> _DATASET RECORDS_

____________

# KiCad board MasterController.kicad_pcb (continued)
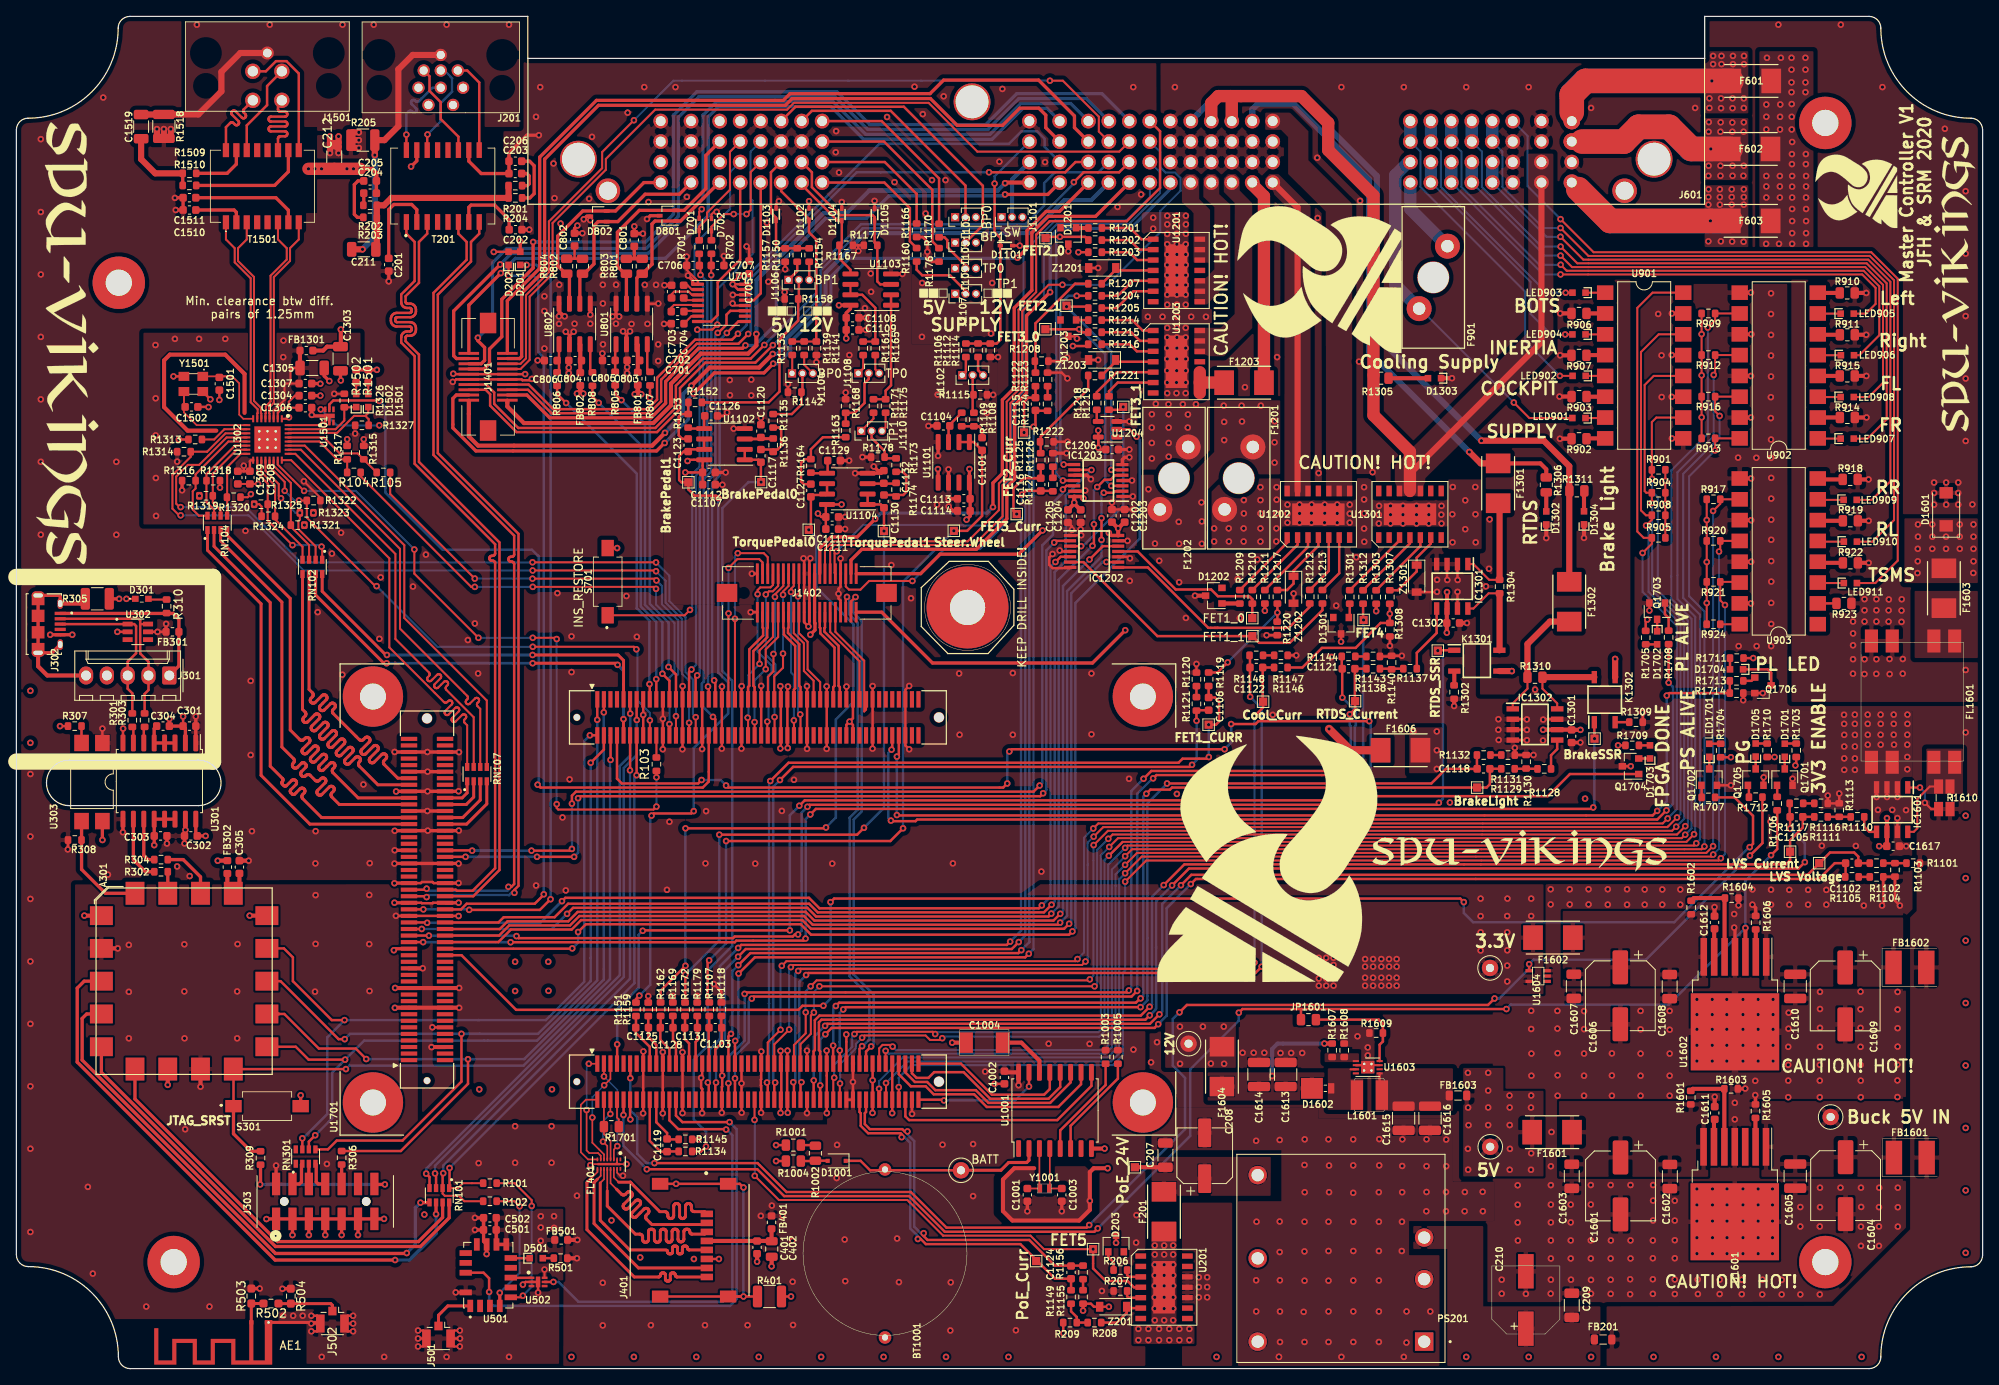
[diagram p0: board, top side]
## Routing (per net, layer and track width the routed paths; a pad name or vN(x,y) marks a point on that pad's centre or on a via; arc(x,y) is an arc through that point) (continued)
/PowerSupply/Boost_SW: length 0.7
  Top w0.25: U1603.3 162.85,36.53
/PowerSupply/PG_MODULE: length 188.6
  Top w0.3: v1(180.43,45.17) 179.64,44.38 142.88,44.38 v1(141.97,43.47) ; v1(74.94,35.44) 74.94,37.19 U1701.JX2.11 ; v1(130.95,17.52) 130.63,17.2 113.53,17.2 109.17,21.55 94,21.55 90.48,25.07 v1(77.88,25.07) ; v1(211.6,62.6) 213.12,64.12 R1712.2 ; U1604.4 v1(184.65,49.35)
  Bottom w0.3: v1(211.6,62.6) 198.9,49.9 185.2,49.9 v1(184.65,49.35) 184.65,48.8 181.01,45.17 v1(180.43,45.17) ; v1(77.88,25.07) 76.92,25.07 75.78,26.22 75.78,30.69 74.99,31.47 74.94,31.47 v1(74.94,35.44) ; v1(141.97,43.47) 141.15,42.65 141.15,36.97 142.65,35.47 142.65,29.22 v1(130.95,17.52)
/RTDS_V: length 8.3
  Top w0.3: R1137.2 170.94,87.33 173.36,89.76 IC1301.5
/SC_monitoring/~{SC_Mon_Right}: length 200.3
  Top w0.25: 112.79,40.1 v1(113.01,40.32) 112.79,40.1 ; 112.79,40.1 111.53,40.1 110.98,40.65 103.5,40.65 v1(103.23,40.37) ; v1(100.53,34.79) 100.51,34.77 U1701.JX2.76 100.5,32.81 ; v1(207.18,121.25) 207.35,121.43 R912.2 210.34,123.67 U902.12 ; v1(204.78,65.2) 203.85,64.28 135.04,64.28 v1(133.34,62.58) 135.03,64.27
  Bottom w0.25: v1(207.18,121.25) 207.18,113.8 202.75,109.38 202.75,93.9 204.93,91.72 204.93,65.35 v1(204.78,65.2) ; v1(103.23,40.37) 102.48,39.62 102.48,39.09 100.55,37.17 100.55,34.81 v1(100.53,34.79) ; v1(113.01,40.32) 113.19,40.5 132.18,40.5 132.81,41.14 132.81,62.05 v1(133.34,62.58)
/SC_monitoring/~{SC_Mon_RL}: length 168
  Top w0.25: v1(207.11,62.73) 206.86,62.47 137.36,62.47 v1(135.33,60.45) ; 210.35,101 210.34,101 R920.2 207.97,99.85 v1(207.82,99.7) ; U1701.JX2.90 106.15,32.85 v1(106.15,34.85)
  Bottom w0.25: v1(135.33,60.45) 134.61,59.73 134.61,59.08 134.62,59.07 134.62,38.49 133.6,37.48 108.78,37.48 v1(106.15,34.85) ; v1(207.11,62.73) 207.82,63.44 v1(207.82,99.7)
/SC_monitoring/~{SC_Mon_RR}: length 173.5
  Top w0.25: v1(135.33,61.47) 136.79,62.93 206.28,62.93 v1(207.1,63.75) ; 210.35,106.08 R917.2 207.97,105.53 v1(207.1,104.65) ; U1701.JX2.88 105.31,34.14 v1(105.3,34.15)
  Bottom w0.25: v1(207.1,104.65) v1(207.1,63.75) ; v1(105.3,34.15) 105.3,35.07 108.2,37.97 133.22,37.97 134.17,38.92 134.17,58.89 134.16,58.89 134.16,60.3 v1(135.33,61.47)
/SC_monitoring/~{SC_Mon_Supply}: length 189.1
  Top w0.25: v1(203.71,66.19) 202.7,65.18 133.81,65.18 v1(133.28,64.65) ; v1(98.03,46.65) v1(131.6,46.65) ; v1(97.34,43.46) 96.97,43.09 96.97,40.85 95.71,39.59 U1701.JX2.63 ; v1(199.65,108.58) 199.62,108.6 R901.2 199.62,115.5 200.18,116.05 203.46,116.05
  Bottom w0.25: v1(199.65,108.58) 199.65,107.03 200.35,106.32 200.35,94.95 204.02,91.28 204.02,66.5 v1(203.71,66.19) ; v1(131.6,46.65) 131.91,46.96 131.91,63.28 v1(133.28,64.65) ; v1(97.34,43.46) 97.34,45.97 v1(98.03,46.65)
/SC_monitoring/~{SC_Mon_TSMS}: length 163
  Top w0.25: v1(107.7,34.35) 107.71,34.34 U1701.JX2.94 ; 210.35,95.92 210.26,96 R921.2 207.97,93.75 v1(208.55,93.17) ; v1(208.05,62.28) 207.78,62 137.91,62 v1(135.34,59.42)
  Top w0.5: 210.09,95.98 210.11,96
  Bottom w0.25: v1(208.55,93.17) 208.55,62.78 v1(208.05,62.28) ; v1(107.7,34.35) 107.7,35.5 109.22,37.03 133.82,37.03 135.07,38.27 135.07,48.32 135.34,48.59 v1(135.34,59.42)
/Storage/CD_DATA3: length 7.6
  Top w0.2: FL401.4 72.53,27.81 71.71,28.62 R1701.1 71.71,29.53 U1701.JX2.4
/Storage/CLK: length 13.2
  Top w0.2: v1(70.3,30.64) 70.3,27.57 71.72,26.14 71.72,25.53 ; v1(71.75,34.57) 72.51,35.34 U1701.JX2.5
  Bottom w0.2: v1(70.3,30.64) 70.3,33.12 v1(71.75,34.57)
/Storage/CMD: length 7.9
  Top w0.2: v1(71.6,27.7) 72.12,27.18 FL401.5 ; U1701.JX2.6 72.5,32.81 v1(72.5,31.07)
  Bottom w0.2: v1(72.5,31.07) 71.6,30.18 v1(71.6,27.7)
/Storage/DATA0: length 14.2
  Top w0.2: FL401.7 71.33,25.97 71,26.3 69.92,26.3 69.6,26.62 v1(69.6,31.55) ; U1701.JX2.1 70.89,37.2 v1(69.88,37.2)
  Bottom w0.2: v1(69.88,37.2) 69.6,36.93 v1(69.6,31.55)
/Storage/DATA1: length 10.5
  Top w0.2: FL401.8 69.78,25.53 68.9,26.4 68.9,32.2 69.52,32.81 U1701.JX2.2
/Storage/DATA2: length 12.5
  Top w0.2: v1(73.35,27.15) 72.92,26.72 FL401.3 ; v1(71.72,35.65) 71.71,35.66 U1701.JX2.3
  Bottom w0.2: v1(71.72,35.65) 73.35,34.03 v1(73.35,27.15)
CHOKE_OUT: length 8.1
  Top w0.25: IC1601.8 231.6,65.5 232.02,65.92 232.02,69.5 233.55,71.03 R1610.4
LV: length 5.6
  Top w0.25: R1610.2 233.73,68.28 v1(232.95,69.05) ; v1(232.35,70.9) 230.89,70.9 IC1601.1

____________

> _DIRECTIONS_
Repeat each line of the material, unaltered, from the first through the line with "Top w0.3: v1(180.43,45.17)", and include no pictures.

> _SOLUTION TO THIS PROBLEM_
# KiCad board MasterController.kicad_pcb (continued)
[diagram p0: board, top side]
## Routing (per net, layer and track width the routed paths; a pad name or vN(x,y) marks a point on that pad's centre or on a via; arc(x,y) is an arc through that point) (continued)
/PowerSupply/Boost_SW: length 0.7
  Top w0.25: U1603.3 162.85,36.53
/PowerSupply/PG_MODULE: length 188.6
  Top w0.3: v1(180.43,45.17) 179.64,44.38 142.88,44.38 v1(141.97,43.47) ; v1(74.94,35.44) 74.94,37.19 U1701.JX2.11 ; v1(130.95,17.52) 130.63,17.2 113.53,17.2 109.17,21.55 94,21.55 90.48,25.07 v1(77.88,25.07) ; v1(211.6,62.6) 213.12,64.12 R1712.2 ; U1604.4 v1(184.65,49.35)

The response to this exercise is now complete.